*** Material provided ***

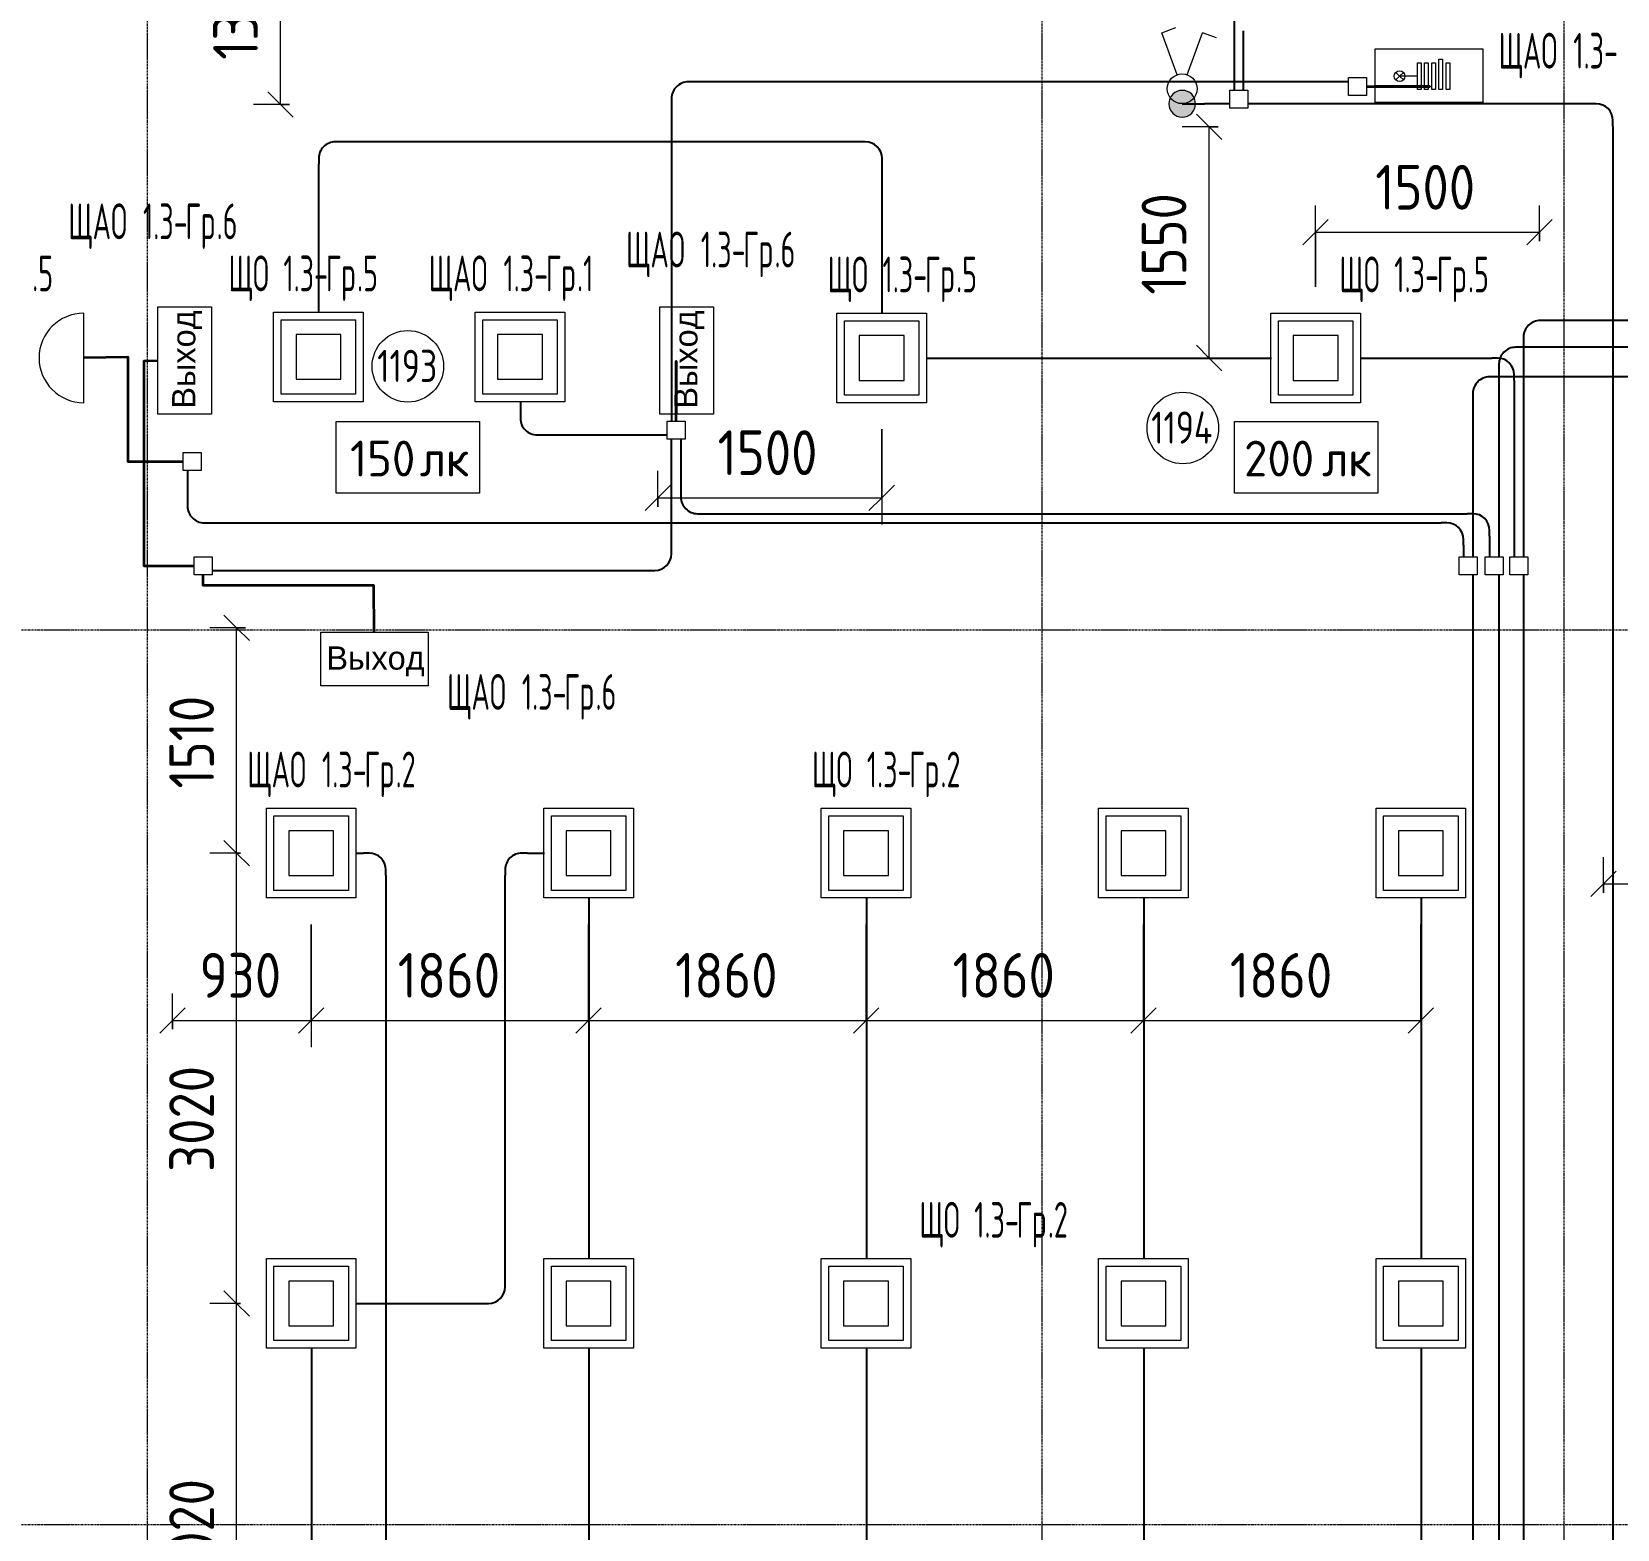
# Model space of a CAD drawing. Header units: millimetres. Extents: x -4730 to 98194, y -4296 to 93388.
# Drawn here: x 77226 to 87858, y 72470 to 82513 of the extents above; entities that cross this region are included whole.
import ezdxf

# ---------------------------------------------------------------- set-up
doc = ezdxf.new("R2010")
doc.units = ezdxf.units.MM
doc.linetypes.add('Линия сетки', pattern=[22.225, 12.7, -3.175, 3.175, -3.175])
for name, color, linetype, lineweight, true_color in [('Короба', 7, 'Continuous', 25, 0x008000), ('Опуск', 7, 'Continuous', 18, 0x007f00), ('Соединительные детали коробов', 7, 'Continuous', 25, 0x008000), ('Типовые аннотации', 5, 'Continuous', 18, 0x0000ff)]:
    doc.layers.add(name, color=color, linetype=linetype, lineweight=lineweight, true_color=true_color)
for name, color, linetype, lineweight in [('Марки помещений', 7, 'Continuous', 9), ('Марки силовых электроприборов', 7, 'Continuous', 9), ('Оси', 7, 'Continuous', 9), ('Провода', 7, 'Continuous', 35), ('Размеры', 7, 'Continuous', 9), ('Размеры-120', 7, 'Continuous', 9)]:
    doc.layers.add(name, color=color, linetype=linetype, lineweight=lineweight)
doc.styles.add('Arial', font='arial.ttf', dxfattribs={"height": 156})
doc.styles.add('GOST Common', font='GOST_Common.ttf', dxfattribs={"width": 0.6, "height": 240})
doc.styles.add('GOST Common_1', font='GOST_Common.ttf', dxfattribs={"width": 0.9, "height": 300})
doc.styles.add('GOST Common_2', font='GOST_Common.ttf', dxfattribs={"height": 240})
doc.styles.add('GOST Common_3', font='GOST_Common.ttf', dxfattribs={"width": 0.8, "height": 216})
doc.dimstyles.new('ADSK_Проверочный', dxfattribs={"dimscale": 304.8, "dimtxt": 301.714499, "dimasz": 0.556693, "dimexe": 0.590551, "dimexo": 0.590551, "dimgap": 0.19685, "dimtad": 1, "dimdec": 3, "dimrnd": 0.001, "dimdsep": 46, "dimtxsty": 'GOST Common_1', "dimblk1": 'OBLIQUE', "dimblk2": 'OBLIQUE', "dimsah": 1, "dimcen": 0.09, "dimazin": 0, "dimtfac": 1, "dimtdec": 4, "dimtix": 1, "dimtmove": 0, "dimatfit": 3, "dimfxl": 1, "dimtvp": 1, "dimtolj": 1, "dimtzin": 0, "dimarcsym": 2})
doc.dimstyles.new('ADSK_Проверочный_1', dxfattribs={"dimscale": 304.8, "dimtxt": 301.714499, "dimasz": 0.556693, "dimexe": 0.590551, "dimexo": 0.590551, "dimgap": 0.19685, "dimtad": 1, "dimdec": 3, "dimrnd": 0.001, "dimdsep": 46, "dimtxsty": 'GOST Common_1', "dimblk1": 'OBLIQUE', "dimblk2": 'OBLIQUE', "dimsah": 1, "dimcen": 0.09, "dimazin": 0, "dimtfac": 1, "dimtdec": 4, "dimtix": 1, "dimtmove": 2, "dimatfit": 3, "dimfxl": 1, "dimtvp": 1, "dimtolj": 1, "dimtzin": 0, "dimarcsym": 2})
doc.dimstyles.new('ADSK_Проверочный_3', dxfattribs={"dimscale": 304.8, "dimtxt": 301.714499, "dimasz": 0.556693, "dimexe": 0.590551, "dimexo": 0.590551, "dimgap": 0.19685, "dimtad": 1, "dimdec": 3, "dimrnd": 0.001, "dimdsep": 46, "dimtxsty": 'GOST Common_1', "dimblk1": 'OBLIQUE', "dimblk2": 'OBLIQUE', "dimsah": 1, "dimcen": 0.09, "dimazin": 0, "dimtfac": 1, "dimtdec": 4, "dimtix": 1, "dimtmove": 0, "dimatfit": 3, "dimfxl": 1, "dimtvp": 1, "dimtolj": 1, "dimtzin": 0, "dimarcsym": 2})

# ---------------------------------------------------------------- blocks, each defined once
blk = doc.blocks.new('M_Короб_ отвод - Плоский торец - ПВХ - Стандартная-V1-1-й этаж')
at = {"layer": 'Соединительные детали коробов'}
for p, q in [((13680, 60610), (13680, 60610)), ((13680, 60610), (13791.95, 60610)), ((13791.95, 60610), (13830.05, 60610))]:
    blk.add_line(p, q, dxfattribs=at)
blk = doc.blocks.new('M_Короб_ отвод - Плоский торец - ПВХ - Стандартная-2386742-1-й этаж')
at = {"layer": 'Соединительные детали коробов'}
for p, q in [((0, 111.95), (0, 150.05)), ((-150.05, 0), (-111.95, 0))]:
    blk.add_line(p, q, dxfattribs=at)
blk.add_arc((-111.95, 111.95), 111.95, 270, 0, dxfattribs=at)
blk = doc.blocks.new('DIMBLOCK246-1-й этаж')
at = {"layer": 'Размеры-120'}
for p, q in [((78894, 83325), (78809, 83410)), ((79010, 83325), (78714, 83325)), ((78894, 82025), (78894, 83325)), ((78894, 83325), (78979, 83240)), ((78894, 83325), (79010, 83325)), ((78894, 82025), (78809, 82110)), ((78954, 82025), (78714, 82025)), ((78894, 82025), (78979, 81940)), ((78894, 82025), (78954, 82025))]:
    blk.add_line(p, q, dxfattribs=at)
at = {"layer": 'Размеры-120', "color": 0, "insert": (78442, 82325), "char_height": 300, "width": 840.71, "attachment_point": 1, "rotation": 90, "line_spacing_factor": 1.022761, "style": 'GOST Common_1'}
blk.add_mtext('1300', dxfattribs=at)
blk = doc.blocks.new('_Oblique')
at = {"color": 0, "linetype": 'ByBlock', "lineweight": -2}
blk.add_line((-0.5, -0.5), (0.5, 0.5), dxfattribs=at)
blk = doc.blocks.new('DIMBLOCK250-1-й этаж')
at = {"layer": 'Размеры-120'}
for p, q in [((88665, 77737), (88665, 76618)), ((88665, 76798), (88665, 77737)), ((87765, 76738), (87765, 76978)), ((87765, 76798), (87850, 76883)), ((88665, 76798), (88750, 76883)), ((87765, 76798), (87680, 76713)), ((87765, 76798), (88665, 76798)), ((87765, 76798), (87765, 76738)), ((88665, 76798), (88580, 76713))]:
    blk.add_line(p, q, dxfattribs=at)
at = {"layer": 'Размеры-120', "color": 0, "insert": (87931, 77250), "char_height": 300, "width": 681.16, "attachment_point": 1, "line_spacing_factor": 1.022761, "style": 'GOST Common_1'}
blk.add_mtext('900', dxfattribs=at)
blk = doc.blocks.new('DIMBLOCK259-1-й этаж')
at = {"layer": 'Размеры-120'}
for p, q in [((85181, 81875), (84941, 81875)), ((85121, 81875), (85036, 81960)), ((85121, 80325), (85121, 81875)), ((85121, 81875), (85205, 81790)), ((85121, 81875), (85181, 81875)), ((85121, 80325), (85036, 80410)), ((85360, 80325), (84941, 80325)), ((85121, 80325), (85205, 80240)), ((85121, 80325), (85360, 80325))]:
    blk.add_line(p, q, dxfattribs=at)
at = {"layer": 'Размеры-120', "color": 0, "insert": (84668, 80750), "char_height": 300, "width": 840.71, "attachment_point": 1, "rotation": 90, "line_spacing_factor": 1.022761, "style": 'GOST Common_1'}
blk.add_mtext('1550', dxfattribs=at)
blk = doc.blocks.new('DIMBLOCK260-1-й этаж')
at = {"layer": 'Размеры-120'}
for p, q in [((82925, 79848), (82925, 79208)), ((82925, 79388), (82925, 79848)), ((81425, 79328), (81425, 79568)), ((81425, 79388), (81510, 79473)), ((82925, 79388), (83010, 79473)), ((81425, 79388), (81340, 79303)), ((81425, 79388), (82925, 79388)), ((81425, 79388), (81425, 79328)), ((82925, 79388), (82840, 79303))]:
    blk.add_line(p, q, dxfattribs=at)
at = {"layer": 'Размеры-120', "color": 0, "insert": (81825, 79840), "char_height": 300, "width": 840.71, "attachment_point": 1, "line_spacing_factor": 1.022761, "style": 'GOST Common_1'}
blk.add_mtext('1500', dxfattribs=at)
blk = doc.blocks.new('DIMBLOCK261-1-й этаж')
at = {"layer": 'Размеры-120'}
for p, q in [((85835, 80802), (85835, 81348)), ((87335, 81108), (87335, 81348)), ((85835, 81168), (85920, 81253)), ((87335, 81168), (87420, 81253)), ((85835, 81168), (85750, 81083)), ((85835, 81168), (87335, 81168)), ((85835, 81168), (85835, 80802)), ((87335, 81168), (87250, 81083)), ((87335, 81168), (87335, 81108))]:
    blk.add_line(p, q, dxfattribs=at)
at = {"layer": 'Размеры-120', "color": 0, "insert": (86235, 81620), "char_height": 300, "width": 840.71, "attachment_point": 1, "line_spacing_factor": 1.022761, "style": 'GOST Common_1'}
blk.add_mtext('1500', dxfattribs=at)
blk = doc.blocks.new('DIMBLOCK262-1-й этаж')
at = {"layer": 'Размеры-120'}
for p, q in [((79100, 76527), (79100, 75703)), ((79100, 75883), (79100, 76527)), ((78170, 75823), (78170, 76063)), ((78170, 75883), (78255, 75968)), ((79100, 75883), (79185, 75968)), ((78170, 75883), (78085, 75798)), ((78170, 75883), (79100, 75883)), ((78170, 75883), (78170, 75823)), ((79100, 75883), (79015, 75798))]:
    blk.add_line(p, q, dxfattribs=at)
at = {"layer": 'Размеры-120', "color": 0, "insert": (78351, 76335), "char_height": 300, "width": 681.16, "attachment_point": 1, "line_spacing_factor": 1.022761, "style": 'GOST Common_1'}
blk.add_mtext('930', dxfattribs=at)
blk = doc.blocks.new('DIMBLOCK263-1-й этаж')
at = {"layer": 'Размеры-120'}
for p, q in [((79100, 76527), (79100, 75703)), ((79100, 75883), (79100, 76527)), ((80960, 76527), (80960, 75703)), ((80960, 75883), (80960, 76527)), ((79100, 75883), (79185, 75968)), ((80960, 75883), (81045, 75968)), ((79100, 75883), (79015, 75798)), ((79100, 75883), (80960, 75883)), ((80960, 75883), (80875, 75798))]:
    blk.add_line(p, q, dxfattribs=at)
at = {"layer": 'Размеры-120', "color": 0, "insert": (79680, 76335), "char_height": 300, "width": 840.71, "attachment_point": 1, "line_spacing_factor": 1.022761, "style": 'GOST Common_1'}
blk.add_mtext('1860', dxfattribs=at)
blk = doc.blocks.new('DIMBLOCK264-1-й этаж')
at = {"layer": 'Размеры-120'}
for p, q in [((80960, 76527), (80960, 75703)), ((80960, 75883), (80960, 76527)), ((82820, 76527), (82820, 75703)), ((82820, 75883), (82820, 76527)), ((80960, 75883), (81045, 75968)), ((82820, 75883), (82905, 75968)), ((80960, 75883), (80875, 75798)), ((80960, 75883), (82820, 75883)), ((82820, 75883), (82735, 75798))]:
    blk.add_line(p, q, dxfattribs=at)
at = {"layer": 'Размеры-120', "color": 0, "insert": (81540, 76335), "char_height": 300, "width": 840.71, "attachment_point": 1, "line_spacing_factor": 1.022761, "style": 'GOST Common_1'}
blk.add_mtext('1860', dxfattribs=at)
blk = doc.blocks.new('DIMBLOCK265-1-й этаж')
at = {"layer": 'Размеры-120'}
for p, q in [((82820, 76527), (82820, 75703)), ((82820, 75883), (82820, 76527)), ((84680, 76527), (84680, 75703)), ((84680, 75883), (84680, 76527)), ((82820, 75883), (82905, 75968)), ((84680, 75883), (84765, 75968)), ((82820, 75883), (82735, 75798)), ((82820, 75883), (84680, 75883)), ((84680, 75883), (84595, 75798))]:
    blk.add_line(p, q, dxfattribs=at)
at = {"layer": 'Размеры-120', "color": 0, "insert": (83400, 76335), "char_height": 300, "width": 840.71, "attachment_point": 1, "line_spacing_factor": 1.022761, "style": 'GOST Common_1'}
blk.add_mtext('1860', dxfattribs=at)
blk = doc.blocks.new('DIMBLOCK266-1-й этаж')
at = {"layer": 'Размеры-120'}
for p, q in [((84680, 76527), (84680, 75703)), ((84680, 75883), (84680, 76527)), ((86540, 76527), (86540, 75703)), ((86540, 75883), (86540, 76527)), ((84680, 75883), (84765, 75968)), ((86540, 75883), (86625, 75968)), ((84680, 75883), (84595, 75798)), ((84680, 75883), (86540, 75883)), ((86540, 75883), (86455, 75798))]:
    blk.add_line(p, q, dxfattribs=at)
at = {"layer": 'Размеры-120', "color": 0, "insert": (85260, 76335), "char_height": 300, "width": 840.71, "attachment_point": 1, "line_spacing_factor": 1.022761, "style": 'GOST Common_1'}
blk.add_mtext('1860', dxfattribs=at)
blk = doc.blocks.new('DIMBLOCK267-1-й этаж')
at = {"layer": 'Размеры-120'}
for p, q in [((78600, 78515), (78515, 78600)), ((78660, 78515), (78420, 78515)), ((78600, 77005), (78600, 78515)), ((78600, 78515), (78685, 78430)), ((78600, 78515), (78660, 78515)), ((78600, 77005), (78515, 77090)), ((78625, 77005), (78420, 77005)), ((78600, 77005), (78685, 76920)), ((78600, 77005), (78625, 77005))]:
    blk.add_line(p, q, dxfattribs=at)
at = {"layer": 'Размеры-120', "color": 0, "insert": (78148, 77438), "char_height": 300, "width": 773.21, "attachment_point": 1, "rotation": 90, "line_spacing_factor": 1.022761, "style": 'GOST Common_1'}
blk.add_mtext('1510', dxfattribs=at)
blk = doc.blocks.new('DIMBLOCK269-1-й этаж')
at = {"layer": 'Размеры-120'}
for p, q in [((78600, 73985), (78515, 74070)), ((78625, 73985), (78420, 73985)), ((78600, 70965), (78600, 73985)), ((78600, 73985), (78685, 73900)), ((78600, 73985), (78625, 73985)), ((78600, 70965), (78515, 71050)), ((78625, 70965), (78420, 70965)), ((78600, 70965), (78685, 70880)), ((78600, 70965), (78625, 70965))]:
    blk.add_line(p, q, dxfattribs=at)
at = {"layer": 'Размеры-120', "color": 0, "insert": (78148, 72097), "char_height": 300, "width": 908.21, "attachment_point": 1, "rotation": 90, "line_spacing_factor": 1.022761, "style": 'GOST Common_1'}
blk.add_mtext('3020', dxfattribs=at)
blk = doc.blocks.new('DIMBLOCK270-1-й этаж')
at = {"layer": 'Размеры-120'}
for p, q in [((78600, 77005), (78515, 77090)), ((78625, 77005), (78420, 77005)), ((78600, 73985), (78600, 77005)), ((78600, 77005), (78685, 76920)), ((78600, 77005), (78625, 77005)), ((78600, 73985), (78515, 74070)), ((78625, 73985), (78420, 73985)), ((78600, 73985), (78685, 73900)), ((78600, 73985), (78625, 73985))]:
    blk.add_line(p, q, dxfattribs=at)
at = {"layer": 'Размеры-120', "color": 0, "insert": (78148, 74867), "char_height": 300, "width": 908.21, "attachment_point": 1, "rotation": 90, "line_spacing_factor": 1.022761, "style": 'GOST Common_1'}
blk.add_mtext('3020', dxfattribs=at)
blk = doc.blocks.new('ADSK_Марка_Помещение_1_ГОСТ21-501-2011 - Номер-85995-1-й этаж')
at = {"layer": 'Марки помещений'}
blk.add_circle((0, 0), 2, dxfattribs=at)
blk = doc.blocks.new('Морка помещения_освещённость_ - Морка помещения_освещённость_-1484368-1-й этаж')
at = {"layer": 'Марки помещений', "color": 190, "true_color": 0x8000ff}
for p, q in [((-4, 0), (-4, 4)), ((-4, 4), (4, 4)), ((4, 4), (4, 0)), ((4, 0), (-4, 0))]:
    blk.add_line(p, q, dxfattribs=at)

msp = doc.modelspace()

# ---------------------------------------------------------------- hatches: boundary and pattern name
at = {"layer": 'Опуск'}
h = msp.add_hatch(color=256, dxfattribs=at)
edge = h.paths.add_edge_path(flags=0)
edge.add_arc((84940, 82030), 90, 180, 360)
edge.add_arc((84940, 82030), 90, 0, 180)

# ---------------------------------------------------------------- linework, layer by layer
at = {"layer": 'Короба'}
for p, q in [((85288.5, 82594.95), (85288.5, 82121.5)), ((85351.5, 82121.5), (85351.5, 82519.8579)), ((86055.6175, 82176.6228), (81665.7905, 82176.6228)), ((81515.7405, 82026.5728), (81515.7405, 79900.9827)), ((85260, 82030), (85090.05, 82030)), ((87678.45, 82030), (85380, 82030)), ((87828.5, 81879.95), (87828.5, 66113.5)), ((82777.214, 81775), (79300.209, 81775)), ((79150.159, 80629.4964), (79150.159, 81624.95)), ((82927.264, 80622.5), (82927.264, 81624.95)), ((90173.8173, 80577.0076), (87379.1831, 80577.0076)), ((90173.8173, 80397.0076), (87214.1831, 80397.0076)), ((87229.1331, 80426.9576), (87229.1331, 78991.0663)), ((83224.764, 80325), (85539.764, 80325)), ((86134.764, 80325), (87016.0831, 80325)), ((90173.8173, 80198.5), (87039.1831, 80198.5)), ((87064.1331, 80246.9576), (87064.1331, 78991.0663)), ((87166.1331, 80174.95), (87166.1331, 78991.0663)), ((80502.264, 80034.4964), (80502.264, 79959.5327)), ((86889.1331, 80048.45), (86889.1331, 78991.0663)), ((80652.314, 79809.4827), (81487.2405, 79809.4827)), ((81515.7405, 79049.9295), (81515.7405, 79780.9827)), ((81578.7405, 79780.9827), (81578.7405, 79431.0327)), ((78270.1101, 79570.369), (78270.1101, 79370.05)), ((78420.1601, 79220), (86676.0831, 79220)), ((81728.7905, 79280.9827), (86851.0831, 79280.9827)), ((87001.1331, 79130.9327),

*** End of Material provided ***

Task objective.
Check each line of the listing for "Марки", and copy the ones that hold it.

Solved exercise.
for name, color, linetype, lineweight in [('Марки помещений', 7, 'Continuous', 9), ('Марки силовых электроприборов', 7, 'Continuous', 9), ('Оси', 7, 'Continuous', 9), ('Провода', 7, 'Continuous', 35), ('Размеры', 7, 'Continuous', 9), ('Размеры-120', 7, 'Continuous', 9)]:
at = {"layer": 'Марки помещений'}
at = {"layer": 'Марки помещений', "color": 190, "true_color": 0x8000ff}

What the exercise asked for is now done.